►

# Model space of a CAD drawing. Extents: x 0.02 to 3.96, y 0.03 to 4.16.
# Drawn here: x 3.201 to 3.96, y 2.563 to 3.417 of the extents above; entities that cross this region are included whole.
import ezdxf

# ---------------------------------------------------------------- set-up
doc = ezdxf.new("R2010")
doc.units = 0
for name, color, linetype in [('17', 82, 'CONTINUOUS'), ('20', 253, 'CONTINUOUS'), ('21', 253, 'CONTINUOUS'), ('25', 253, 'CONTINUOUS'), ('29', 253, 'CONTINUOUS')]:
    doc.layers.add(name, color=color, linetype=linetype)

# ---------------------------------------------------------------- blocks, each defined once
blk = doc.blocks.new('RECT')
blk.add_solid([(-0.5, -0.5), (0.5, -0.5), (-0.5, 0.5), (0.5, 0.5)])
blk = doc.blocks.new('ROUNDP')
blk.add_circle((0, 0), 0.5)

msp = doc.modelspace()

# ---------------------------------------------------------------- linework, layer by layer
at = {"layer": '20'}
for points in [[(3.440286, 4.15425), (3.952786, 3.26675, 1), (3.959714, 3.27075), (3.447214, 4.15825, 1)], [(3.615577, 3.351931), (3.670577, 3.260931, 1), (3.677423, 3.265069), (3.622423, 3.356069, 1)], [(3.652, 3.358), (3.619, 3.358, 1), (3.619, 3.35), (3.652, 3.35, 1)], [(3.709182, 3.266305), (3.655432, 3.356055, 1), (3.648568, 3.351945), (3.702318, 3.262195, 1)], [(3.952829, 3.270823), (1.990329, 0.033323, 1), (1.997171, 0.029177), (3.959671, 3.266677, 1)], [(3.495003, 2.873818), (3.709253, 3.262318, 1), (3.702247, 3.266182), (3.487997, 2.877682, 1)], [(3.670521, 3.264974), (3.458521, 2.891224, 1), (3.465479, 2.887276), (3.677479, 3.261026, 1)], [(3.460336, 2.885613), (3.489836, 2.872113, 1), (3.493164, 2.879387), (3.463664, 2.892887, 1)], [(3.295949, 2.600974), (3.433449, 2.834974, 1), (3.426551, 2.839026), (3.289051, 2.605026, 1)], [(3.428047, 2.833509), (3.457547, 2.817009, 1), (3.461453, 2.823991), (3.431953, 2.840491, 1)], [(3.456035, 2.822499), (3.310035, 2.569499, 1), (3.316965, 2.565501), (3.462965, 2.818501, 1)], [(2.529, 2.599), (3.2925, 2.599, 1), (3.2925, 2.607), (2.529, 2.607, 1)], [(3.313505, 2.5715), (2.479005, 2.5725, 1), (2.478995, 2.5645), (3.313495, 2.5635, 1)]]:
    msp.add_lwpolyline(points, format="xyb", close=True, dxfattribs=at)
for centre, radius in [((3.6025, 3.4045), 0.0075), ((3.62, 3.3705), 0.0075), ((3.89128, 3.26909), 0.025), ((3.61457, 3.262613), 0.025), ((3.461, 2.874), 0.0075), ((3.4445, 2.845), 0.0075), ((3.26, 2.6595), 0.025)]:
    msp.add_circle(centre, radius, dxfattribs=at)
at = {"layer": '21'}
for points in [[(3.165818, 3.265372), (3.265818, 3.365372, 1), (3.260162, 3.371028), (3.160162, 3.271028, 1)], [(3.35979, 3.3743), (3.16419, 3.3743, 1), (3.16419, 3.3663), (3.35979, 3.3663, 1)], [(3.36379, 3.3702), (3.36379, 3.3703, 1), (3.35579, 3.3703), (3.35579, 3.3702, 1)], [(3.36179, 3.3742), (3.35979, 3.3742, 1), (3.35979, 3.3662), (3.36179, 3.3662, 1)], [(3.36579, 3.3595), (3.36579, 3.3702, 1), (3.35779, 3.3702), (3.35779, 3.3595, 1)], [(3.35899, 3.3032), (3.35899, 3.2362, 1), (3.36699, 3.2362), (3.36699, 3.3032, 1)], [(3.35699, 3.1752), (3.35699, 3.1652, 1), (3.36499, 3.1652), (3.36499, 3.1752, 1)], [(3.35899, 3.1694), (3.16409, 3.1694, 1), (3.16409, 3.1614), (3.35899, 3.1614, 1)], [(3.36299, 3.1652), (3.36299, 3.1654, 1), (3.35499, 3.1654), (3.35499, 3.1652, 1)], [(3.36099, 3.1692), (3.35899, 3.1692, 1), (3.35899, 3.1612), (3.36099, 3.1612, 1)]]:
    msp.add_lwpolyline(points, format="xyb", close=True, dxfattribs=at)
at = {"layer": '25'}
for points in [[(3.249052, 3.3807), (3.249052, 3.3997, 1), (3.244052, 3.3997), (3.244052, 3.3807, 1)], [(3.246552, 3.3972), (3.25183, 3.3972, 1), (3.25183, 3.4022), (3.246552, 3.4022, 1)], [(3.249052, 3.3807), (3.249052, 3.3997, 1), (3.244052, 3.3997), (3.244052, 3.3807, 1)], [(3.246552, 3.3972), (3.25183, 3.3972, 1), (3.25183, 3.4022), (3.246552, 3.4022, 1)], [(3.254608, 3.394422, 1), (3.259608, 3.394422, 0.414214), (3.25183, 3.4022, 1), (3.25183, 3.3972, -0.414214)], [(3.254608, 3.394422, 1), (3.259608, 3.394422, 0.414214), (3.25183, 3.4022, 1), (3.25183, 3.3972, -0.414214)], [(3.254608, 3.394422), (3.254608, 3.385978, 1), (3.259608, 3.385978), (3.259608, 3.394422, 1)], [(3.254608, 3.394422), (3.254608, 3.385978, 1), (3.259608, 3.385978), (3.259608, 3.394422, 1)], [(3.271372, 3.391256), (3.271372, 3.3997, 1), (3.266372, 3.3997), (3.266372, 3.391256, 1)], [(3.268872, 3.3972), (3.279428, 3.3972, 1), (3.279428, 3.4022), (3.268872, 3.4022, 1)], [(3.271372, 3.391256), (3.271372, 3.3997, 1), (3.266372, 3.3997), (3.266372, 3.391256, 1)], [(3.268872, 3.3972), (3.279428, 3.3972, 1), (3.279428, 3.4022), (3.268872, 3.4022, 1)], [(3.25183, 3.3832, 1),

◄

** Task item **
Nothing in the data may differ; print all of it exactly as written.

** Exercise answer **
# Model space of a CAD drawing. Extents: x 0.02 to 3.96, y 0.03 to 4.16.
# Drawn here: x 3.201 to 3.96, y 2.563 to 3.417 of the extents above; entities that cross this region are included whole.
import ezdxf

# ---------------------------------------------------------------- set-up
doc = ezdxf.new("R2010")
doc.units = 0
for name, color, linetype in [('17', 82, 'CONTINUOUS'), ('20', 253, 'CONTINUOUS'), ('21', 253, 'CONTINUOUS'), ('25', 253, 'CONTINUOUS'), ('29', 253, 'CONTINUOUS')]:
    doc.layers.add(name, color=color, linetype=linetype)

# ---------------------------------------------------------------- blocks, each defined once
blk = doc.blocks.new('RECT')
blk.add_solid([(-0.5, -0.5), (0.5, -0.5), (-0.5, 0.5), (0.5, 0.5)])
blk = doc.blocks.new('ROUNDP')
blk.add_circle((0, 0), 0.5)

msp = doc.modelspace()

# ---------------------------------------------------------------- linework, layer by layer
at = {"layer": '20'}
for points in [[(3.440286, 4.15425), (3.952786, 3.26675, 1), (3.959714, 3.27075), (3.447214, 4.15825, 1)], [(3.615577, 3.351931), (3.670577, 3.260931, 1), (3.677423, 3.265069), (3.622423, 3.356069, 1)], [(3.652, 3.358), (3.619, 3.358, 1), (3.619, 3.35), (3.652, 3.35, 1)], [(3.709182, 3.266305), (3.655432, 3.356055, 1), (3.648568, 3.351945), (3.702318, 3.262195, 1)], [(3.952829, 3.270823), (1.990329, 0.033323, 1), (1.997171, 0.029177), (3.959671, 3.266677, 1)], [(3.495003, 2.873818), (3.709253, 3.262318, 1), (3.702247, 3.266182), (3.487997, 2.877682, 1)], [(3.670521, 3.264974), (3.458521, 2.891224, 1), (3.465479, 2.887276), (3.677479, 3.261026, 1)], [(3.460336, 2.885613), (3.489836, 2.872113, 1), (3.493164, 2.879387), (3.463664, 2.892887, 1)], [(3.295949, 2.600974), (3.433449, 2.834974, 1), (3.426551, 2.839026), (3.289051, 2.605026, 1)], [(3.428047, 2.833509), (3.457547, 2.817009, 1), (3.461453, 2.823991), (3.431953, 2.840491, 1)], [(3.456035, 2.822499), (3.310035, 2.569499, 1), (3.316965, 2.565501), (3.462965, 2.818501, 1)], [(2.529, 2.599), (3.2925, 2.599, 1), (3.2925, 2.607), (2.529, 2.607, 1)], [(3.313505, 2.5715), (2.479005, 2.5725, 1), (2.478995, 2.5645), (3.313495, 2.5635, 1)]]:
    msp.add_lwpolyline(points, format="xyb", close=True, dxfattribs=at)
for centre, radius in [((3.6025, 3.4045), 0.0075), ((3.62, 3.3705), 0.0075), ((3.89128, 3.26909), 0.025), ((3.61457, 3.262613), 0.025), ((3.461, 2.874), 0.0075), ((3.4445, 2.845), 0.0075), ((3.26, 2.6595), 0.025)]:
    msp.add_circle(centre, radius, dxfattribs=at)
at = {"layer": '21'}
for points in [[(3.165818, 3.265372), (3.265818, 3.365372, 1), (3.260162, 3.371028), (3.160162, 3.271028, 1)], [(3.35979, 3.3743), (3.16419, 3.3743, 1), (3.16419, 3.3663), (3.35979, 3.3663, 1)], [(3.36379, 3.3702), (3.36379, 3.3703, 1), (3.35579, 3.3703), (3.35579, 3.3702, 1)], [(3.36179, 3.3742), (3.35979, 3.3742, 1), (3.35979, 3.3662), (3.36179, 3.3662, 1)], [(3.36579, 3.3595), (3.36579, 3.3702, 1), (3.35779, 3.3702), (3.35779, 3.3595, 1)], [(3.35899, 3.3032), (3.35899, 3.2362, 1), (3.36699, 3.2362), (3.36699, 3.3032, 1)], [(3.35699, 3.1752), (3.35699, 3.1652, 1), (3.36499, 3.1652), (3.36499, 3.1752, 1)], [(3.35899, 3.1694), (3.16409, 3.1694, 1), (3.16409, 3.1614), (3.35899, 3.1614, 1)], [(3.36299, 3.1652), (3.36299, 3.1654, 1), (3.35499, 3.1654), (3.35499, 3.1652, 1)], [(3.36099, 3.1692), (3.35899, 3.1692, 1), (3.35899, 3.1612), (3.36099, 3.1612, 1)]]:
    msp.add_lwpolyline(points, format="xyb", close=True, dxfattribs=at)
at = {"layer": '25'}
for points in [[(3.249052, 3.3807), (3.249052, 3.3997, 1), (3.244052, 3.3997), (3.244052, 3.3807, 1)], [(3.246552, 3.3972), (3.25183, 3.3972, 1), (3.25183, 3.4022), (3.246552, 3.4022, 1)], [(3.249052, 3.3807), (3.249052, 3.3997, 1), (3.244052, 3.3997), (3.244052, 3.3807, 1)], [(3.246552, 3.3972), (3.25183, 3.3972, 1), (3.25183, 3.4022), (3.246552, 3.4022, 1)], [(3.254608, 3.394422, 1), (3.259608, 3.394422, 0.414214), (3.25183, 3.4022, 1), (3.25183, 3.3972, -0.414214)], [(3.254608, 3.394422, 1), (3.259608, 3.394422, 0.414214), (3.25183, 3.4022, 1), (3.25183, 3.3972, -0.414214)], [(3.254608, 3.394422), (3.254608, 3.385978, 1), (3.259608, 3.385978), (3.259608, 3.394422, 1)], [(3.254608, 3.394422), (3.254608, 3.385978, 1), (3.259608, 3.385978), (3.259608, 3.394422, 1)], [(3.271372, 3.391256), (3.271372, 3.3997, 1), (3.266372, 3.3997), (3.266372, 3.391256, 1)], [(3.268872, 3.3972), (3.279428, 3.3972, 1), (3.279428, 3.4022), (3.268872, 3.4022, 1)], [(3.271372, 3.391256), (3.271372, 3.3997, 1), (3.266372, 3.3997), (3.266372, 3.391256, 1)], [(3.268872, 3.3972), (3.279428, 3.3972, 1), (3.279428, 3.4022), (3.268872, 3.4022, 1)], [(3.25183, 3.3832, 1),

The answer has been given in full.